DATA SHOWN:
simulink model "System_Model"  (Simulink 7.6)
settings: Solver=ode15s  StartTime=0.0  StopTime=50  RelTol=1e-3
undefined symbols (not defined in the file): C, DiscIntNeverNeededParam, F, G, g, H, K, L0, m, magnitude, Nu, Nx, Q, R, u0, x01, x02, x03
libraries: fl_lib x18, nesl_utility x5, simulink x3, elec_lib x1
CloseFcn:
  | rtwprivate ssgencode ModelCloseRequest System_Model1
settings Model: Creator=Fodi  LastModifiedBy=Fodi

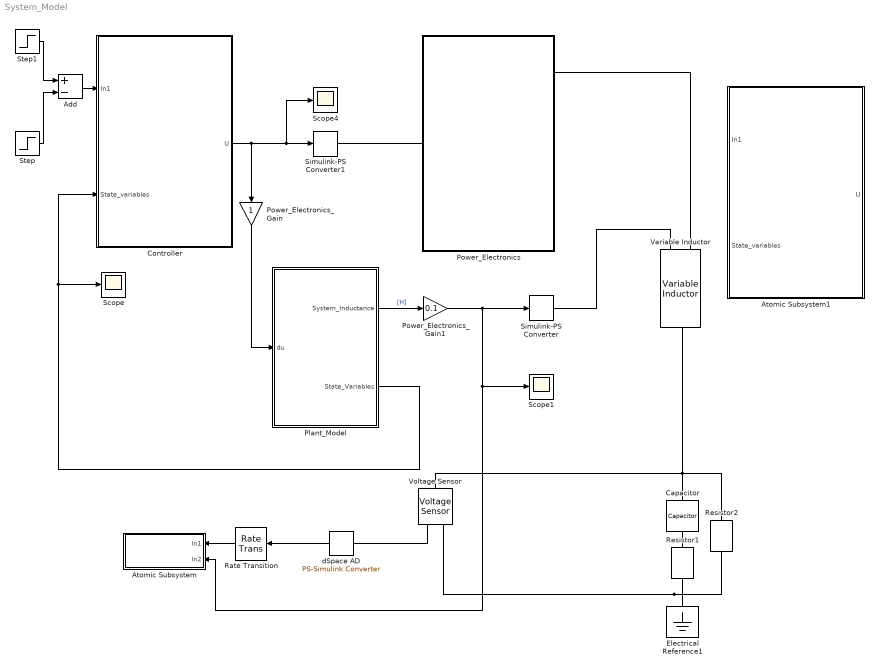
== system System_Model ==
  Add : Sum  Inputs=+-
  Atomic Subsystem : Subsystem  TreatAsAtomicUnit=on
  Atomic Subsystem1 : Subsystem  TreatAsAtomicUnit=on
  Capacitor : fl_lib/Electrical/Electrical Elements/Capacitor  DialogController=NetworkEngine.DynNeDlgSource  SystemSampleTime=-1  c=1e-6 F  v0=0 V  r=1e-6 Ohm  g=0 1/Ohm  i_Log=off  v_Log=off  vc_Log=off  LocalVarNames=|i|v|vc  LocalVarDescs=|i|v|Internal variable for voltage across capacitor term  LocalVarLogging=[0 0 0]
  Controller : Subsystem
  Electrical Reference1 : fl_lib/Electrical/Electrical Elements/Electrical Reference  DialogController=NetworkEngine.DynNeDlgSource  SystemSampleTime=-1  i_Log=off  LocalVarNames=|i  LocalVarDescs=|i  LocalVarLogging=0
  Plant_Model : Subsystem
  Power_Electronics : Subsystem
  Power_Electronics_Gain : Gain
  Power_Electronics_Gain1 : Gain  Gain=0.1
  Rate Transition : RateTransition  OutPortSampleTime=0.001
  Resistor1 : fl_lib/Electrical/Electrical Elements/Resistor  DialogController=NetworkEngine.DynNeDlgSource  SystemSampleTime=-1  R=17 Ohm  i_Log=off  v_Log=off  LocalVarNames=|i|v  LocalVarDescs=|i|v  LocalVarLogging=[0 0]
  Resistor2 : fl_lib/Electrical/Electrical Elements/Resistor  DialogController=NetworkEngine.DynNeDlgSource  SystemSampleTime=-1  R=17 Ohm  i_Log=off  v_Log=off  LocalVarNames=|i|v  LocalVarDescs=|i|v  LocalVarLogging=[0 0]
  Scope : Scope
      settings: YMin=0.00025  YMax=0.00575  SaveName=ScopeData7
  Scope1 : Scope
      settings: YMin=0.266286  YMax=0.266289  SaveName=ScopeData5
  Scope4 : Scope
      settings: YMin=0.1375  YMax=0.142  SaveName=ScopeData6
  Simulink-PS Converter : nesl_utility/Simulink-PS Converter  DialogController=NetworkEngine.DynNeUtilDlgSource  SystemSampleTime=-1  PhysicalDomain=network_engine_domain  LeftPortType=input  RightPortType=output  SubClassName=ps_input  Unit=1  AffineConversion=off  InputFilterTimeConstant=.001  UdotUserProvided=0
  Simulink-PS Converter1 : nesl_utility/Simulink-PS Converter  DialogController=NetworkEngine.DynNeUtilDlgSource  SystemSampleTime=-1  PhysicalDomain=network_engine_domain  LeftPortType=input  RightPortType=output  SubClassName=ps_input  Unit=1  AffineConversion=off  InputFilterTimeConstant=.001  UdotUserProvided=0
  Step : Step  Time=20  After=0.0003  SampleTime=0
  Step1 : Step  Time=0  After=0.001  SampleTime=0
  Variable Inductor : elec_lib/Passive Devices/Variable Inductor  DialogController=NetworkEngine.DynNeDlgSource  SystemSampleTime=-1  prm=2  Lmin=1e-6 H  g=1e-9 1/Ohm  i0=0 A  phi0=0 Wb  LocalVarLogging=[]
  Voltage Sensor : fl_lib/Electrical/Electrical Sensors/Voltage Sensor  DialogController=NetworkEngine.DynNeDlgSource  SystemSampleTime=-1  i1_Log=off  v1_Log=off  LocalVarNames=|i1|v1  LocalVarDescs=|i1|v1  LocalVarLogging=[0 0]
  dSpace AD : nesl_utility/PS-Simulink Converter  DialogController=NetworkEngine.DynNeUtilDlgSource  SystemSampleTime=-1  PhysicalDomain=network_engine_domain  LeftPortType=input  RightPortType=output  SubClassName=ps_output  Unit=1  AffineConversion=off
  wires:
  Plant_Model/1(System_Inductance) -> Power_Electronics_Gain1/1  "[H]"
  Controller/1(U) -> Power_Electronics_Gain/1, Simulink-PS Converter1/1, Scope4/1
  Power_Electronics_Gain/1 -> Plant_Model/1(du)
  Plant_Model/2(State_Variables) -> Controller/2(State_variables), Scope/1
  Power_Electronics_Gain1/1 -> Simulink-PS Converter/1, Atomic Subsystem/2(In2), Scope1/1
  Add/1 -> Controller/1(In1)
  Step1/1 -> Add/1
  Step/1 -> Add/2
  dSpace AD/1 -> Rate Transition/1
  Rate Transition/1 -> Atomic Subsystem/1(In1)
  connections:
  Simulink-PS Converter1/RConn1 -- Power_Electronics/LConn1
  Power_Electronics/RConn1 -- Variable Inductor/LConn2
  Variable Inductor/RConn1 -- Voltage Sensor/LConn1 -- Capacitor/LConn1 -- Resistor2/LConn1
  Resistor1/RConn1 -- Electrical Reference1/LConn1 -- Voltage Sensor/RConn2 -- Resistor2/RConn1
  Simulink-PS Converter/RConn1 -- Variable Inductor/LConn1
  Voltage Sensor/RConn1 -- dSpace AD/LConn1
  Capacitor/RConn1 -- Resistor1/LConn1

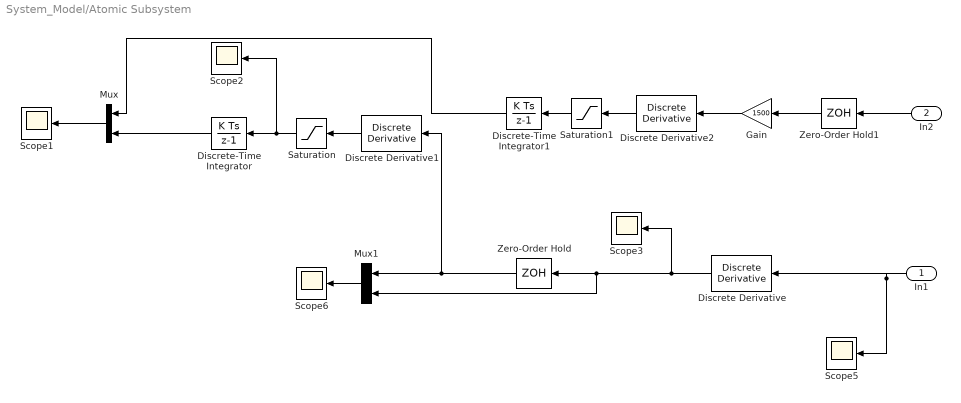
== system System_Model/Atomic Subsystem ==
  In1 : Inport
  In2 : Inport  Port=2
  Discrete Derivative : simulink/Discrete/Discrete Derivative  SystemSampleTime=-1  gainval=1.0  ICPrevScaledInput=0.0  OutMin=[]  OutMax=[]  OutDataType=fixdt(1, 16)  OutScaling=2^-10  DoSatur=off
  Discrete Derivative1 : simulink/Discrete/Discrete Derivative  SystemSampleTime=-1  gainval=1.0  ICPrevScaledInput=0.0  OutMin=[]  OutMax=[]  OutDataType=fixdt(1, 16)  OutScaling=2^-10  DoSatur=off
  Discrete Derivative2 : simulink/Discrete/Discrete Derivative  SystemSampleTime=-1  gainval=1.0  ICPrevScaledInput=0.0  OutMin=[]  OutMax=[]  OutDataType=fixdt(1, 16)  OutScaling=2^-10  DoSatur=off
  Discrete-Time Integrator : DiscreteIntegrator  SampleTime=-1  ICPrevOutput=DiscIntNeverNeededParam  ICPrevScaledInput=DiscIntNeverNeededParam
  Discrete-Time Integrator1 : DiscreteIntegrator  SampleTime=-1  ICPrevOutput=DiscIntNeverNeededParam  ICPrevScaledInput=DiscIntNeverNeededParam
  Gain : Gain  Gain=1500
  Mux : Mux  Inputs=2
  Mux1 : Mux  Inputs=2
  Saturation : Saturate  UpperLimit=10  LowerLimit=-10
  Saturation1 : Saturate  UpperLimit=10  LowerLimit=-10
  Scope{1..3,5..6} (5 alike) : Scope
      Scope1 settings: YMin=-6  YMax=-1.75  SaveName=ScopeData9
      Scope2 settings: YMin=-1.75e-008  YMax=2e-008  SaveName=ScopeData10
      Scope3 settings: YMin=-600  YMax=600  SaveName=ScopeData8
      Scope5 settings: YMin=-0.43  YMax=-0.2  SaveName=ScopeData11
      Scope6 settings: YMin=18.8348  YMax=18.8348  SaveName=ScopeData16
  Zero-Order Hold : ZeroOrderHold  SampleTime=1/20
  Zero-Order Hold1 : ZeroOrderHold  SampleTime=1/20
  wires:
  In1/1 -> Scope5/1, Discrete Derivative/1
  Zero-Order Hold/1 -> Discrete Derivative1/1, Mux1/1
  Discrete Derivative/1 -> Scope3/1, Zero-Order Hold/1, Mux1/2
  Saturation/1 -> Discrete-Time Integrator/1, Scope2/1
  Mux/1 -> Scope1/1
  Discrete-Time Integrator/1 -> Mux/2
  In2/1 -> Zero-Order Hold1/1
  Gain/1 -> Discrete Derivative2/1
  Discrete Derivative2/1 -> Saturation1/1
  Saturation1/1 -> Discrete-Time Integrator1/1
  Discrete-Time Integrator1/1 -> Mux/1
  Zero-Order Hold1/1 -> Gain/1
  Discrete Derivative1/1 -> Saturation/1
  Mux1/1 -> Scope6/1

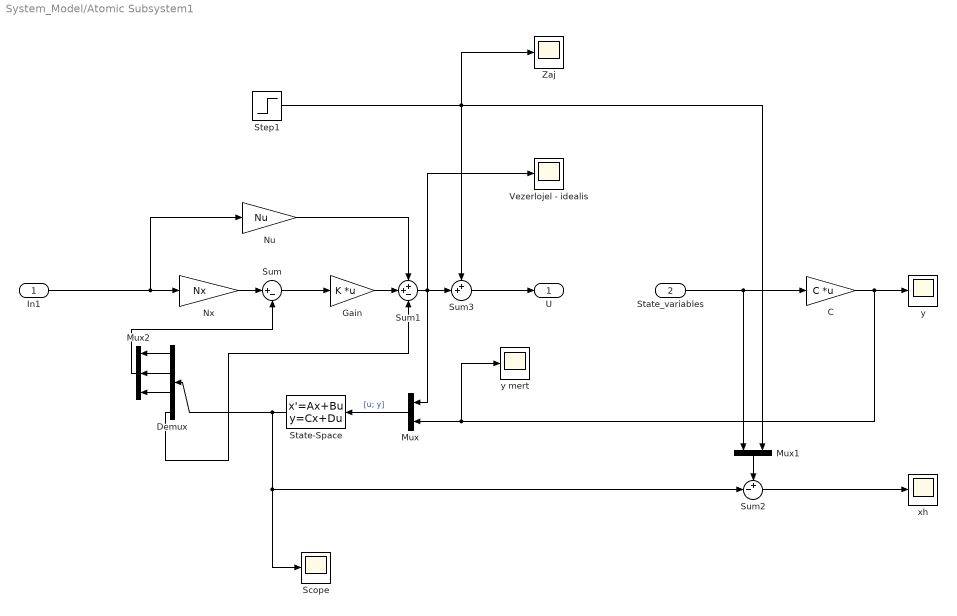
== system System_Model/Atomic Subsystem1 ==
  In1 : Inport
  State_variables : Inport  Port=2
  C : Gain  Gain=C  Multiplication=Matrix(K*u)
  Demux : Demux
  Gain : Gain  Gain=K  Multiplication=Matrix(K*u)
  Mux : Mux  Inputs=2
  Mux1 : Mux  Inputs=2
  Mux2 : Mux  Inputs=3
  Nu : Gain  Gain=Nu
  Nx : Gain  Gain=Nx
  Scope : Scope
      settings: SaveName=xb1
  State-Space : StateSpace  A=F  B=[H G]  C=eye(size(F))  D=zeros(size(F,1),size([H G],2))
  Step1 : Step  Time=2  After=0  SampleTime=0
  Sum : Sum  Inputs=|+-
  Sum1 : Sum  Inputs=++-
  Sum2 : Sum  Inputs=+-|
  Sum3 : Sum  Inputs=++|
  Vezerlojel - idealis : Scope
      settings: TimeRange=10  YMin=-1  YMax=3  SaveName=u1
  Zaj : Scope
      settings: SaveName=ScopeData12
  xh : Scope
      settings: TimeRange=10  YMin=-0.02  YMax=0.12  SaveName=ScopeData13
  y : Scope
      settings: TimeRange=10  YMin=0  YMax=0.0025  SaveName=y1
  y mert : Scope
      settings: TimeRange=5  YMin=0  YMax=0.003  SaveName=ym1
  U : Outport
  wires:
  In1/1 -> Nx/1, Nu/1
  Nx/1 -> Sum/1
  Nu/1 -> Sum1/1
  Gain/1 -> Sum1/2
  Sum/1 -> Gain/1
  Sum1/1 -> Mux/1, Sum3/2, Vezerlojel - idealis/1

WHAT TO WORK ON: I would like the exact lines from the data above, starting with the one that holds "Voltage Sensor/RConn1 -- dSpace AD/LConn1" and going on through the one that holds "Discrete Derivative1/1 -> Saturation/1", without the pictures.

WRITTEN ANSWER:
  Voltage Sensor/RConn1 -- dSpace AD/LConn1
  Capacitor/RConn1 -- Resistor1/LConn1

== system System_Model/Atomic Subsystem ==
  In1 : Inport
  In2 : Inport  Port=2
  Discrete Derivative : simulink/Discrete/Discrete Derivative  SystemSampleTime=-1  gainval=1.0  ICPrevScaledInput=0.0  OutMin=[]  OutMax=[]  OutDataType=fixdt(1, 16)  OutScaling=2^-10  DoSatur=off
  Discrete Derivative1 : simulink/Discrete/Discrete Derivative  SystemSampleTime=-1  gainval=1.0  ICPrevScaledInput=0.0  OutMin=[]  OutMax=[]  OutDataType=fixdt(1, 16)  OutScaling=2^-10  DoSatur=off
  Discrete Derivative2 : simulink/Discrete/Discrete Derivative  SystemSampleTime=-1  gainval=1.0  ICPrevScaledInput=0.0  OutMin=[]  OutMax=[]  OutDataType=fixdt(1, 16)  OutScaling=2^-10  DoSatur=off
  Discrete-Time Integrator : DiscreteIntegrator  SampleTime=-1  ICPrevOutput=DiscIntNeverNeededParam  ICPrevScaledInput=DiscIntNeverNeededParam
  Discrete-Time Integrator1 : DiscreteIntegrator  SampleTime=-1  ICPrevOutput=DiscIntNeverNeededParam  ICPrevScaledInput=DiscIntNeverNeededParam
  Gain : Gain  Gain=1500
  Mux : Mux  Inputs=2
  Mux1 : Mux  Inputs=2
  Saturation : Saturate  UpperLimit=10  LowerLimit=-10
  Saturation1 : Saturate  UpperLimit=10  LowerLimit=-10
  Scope{1..3,5..6} (5 alike) : Scope
      Scope1 settings: YMin=-6  YMax=-1.75  SaveName=ScopeData9
      Scope2 settings: YMin=-1.75e-008  YMax=2e-008  SaveName=ScopeData10
      Scope3 settings: YMin=-600  YMax=600  SaveName=ScopeData8
      Scope5 settings: YMin=-0.43  YMax=-0.2  SaveName=ScopeData11
      Scope6 settings: YMin=18.8348  YMax=18.8348  SaveName=ScopeData16
  Zero-Order Hold : ZeroOrderHold  SampleTime=1/20
  Zero-Order Hold1 : ZeroOrderHold  SampleTime=1/20
  wires:
  In1/1 -> Scope5/1, Discrete Derivative/1
  Zero-Order Hold/1 -> Discrete Derivative1/1, Mux1/1
  Discrete Derivative/1 -> Scope3/1, Zero-Order Hold/1, Mux1/2
  Saturation/1 -> Discrete-Time Integrator/1, Scope2/1
  Mux/1 -> Scope1/1
  Discrete-Time Integrator/1 -> Mux/2
  In2/1 -> Zero-Order Hold1/1
  Gain/1 -> Discrete Derivative2/1
  Discrete Derivative2/1 -> Saturation1/1
  Saturation1/1 -> Discrete-Time Integrator1/1
  Discrete-Time Integrator1/1 -> Mux/1
  Zero-Order Hold1/1 -> Gain/1
  Discrete Derivative1/1 -> Saturation/1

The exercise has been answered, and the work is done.